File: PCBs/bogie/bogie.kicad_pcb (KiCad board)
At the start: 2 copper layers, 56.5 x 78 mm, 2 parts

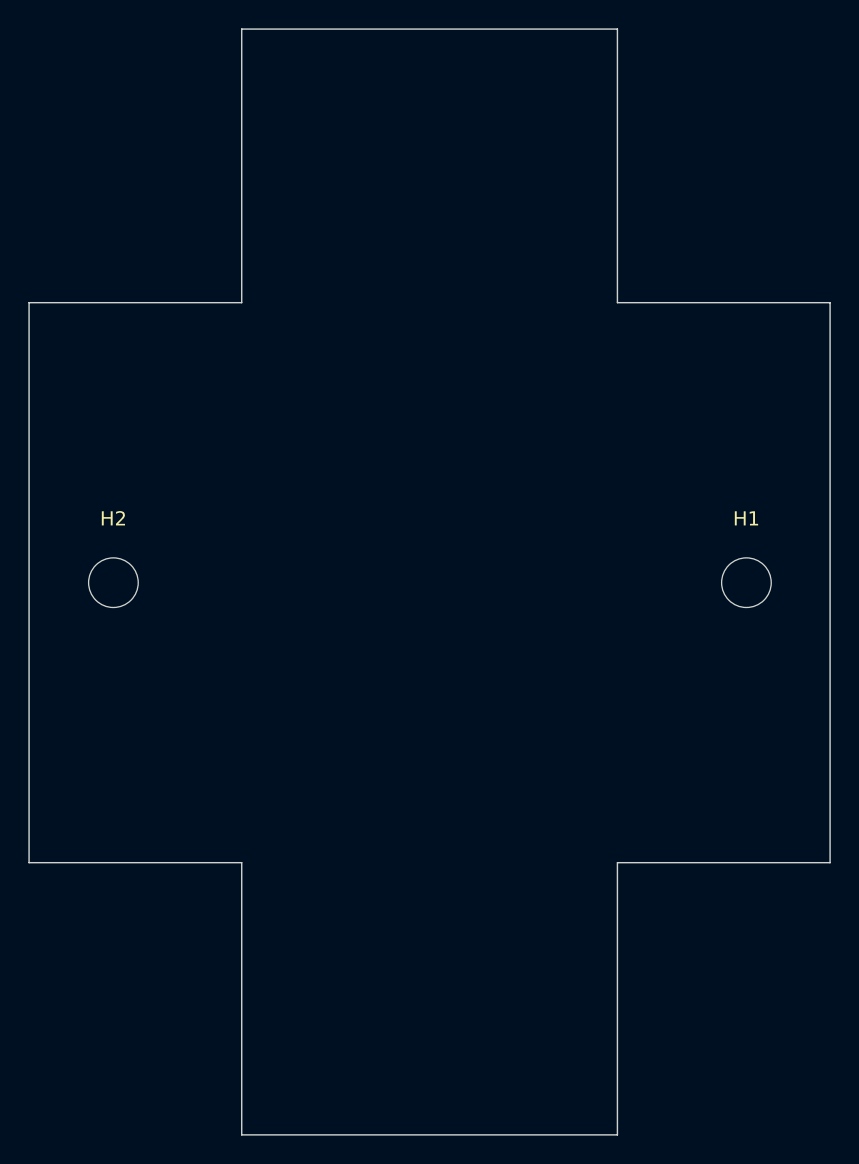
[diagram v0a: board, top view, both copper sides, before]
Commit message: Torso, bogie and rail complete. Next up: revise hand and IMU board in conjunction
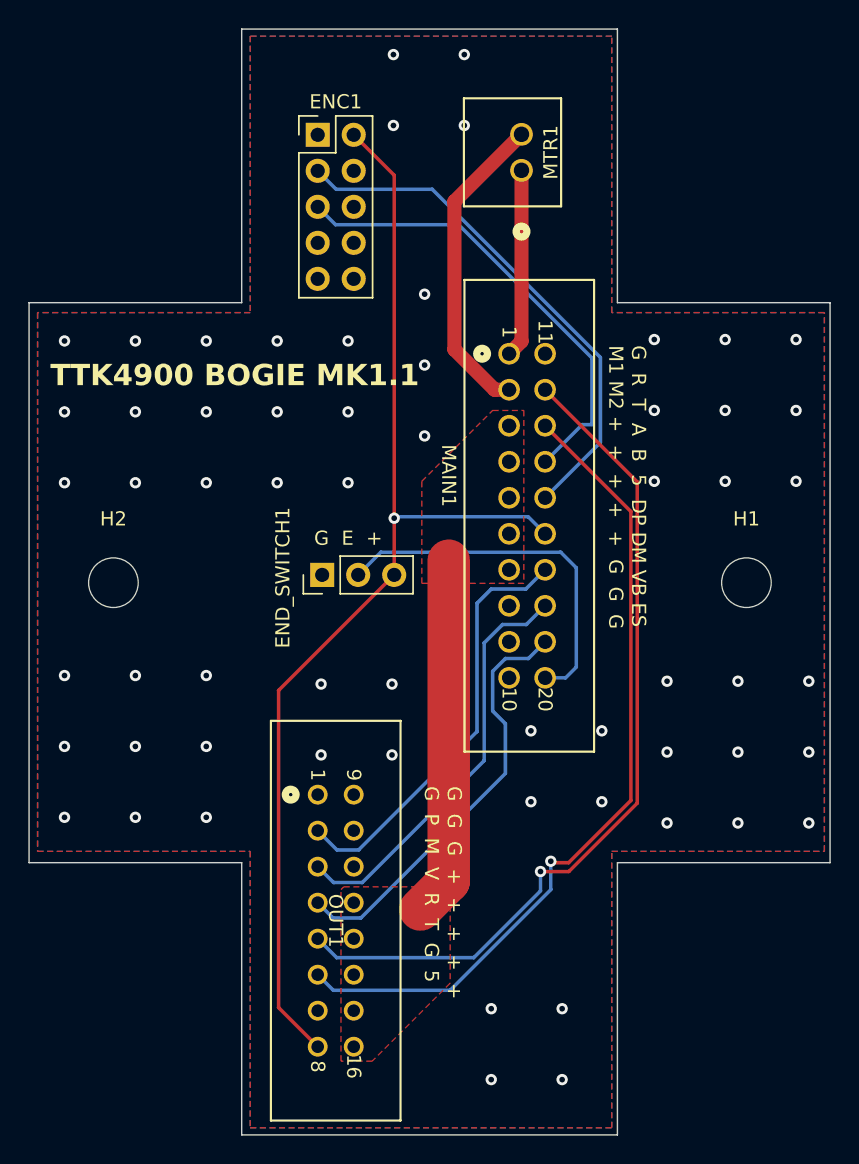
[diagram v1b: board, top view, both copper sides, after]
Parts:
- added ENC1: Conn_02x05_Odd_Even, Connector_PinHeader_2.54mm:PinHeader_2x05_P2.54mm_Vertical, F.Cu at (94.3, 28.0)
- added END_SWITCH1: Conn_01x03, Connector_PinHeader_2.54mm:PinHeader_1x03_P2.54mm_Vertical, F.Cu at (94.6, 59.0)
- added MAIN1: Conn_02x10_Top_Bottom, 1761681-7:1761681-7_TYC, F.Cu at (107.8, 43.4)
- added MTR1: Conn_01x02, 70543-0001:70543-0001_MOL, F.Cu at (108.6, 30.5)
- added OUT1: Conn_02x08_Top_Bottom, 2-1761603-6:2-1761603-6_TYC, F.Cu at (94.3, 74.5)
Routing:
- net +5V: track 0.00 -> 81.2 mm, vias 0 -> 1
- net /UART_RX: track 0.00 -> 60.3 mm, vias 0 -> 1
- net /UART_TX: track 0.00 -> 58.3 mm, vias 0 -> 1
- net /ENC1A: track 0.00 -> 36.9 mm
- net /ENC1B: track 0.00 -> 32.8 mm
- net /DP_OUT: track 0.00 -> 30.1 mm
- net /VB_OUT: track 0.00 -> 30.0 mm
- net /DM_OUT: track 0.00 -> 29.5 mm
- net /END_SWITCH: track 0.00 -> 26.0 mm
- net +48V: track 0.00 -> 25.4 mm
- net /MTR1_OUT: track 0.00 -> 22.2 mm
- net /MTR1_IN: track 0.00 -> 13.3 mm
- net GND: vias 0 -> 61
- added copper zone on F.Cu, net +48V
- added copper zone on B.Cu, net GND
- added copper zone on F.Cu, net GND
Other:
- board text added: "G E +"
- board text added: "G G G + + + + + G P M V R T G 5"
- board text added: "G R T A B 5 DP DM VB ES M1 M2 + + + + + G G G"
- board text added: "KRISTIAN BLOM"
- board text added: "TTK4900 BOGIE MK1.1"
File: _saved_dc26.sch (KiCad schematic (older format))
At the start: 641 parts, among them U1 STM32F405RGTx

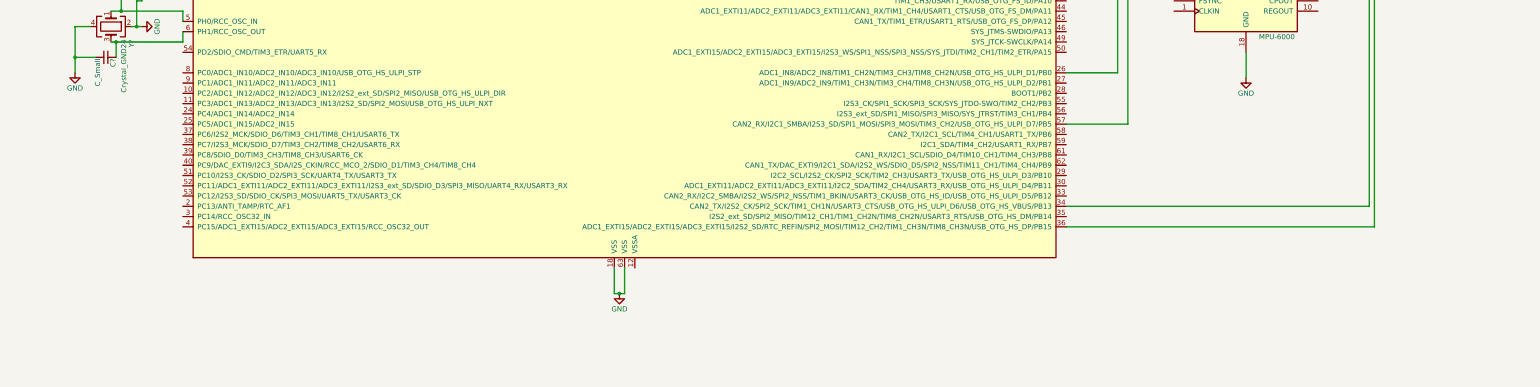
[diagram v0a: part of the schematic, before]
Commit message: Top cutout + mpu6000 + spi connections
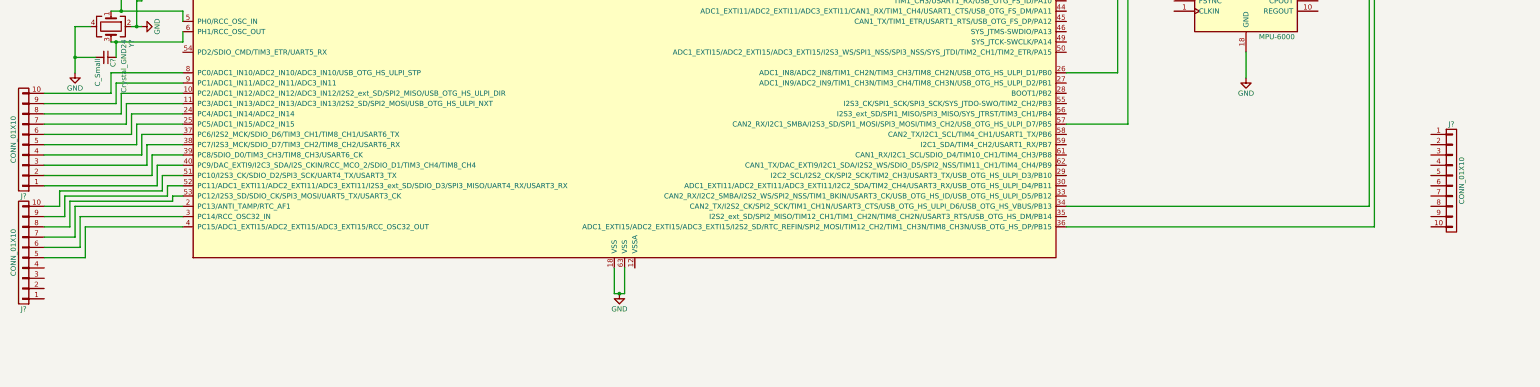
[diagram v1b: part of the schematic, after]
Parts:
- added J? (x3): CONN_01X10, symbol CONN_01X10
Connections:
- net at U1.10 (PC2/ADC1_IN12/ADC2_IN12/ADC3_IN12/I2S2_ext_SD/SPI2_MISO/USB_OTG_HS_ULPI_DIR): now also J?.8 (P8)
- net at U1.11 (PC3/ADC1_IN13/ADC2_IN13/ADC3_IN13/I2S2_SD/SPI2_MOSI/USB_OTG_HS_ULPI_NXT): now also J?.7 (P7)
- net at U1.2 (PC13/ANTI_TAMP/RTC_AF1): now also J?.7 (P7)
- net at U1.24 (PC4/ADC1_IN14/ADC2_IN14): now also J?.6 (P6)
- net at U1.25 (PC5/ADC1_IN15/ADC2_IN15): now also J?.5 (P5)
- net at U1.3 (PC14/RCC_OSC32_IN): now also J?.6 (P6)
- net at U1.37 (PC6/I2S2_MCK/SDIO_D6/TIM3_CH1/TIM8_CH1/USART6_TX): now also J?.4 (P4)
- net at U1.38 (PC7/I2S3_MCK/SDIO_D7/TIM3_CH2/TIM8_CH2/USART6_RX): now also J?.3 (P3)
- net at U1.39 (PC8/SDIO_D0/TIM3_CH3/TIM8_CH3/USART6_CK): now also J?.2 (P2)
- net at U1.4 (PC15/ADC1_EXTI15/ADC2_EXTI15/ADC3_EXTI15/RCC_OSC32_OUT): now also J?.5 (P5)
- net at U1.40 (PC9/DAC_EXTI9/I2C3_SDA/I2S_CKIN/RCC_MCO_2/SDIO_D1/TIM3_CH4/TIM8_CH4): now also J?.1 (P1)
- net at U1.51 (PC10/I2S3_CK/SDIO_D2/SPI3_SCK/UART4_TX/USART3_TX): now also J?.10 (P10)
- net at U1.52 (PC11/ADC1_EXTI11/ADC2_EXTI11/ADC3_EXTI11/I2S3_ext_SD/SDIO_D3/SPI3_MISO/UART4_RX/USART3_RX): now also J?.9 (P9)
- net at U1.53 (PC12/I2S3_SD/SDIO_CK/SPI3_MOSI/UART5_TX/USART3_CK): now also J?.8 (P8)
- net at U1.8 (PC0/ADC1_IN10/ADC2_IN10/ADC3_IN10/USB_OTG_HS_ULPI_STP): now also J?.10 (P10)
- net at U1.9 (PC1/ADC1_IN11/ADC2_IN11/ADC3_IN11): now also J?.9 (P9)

-*-*-

Skip all lines ahead of the one containing "- net at U1.25". Reproduce that line and the remainder of the listing above exactly.

_ANSWER AREA_.
- net at U1.25 (PC5/ADC1_IN15/ADC2_IN15): now also J?.5 (P5)
- net at U1.3 (PC14/RCC_OSC32_IN): now also J?.6 (P6)
- net at U1.37 (PC6/I2S2_MCK/SDIO_D6/TIM3_CH1/TIM8_CH1/USART6_TX): now also J?.4 (P4)
- net at U1.38 (PC7/I2S3_MCK/SDIO_D7/TIM3_CH2/TIM8_CH2/USART6_RX): now also J?.3 (P3)
- net at U1.39 (PC8/SDIO_D0/TIM3_CH3/TIM8_CH3/USART6_CK): now also J?.2 (P2)
- net at U1.4 (PC15/ADC1_EXTI15/ADC2_EXTI15/ADC3_EXTI15/RCC_OSC32_OUT): now also J?.5 (P5)
- net at U1.40 (PC9/DAC_EXTI9/I2C3_SDA/I2S_CKIN/RCC_MCO_2/SDIO_D1/TIM3_CH4/TIM8_CH4): now also J?.1 (P1)
- net at U1.51 (PC10/I2S3_CK/SDIO_D2/SPI3_SCK/UART4_TX/USART3_TX): now also J?.10 (P10)
- net at U1.52 (PC11/ADC1_EXTI11/ADC2_EXTI11/ADC3_EXTI11/I2S3_ext_SD/SDIO_D3/SPI3_MISO/UART4_RX/USART3_RX): now also J?.9 (P9)
- net at U1.53 (PC12/I2S3_SD/SDIO_CK/SPI3_MOSI/UART5_TX/USART3_CK): now also J?.8 (P8)
- net at U1.8 (PC0/ADC1_IN10/ADC2_IN10/ADC3_IN10/USB_OTG_HS_ULPI_STP): now also J?.10 (P10)
- net at U1.9 (PC1/ADC1_IN11/ADC2_IN11/ADC3_IN11): now also J?.9 (P9)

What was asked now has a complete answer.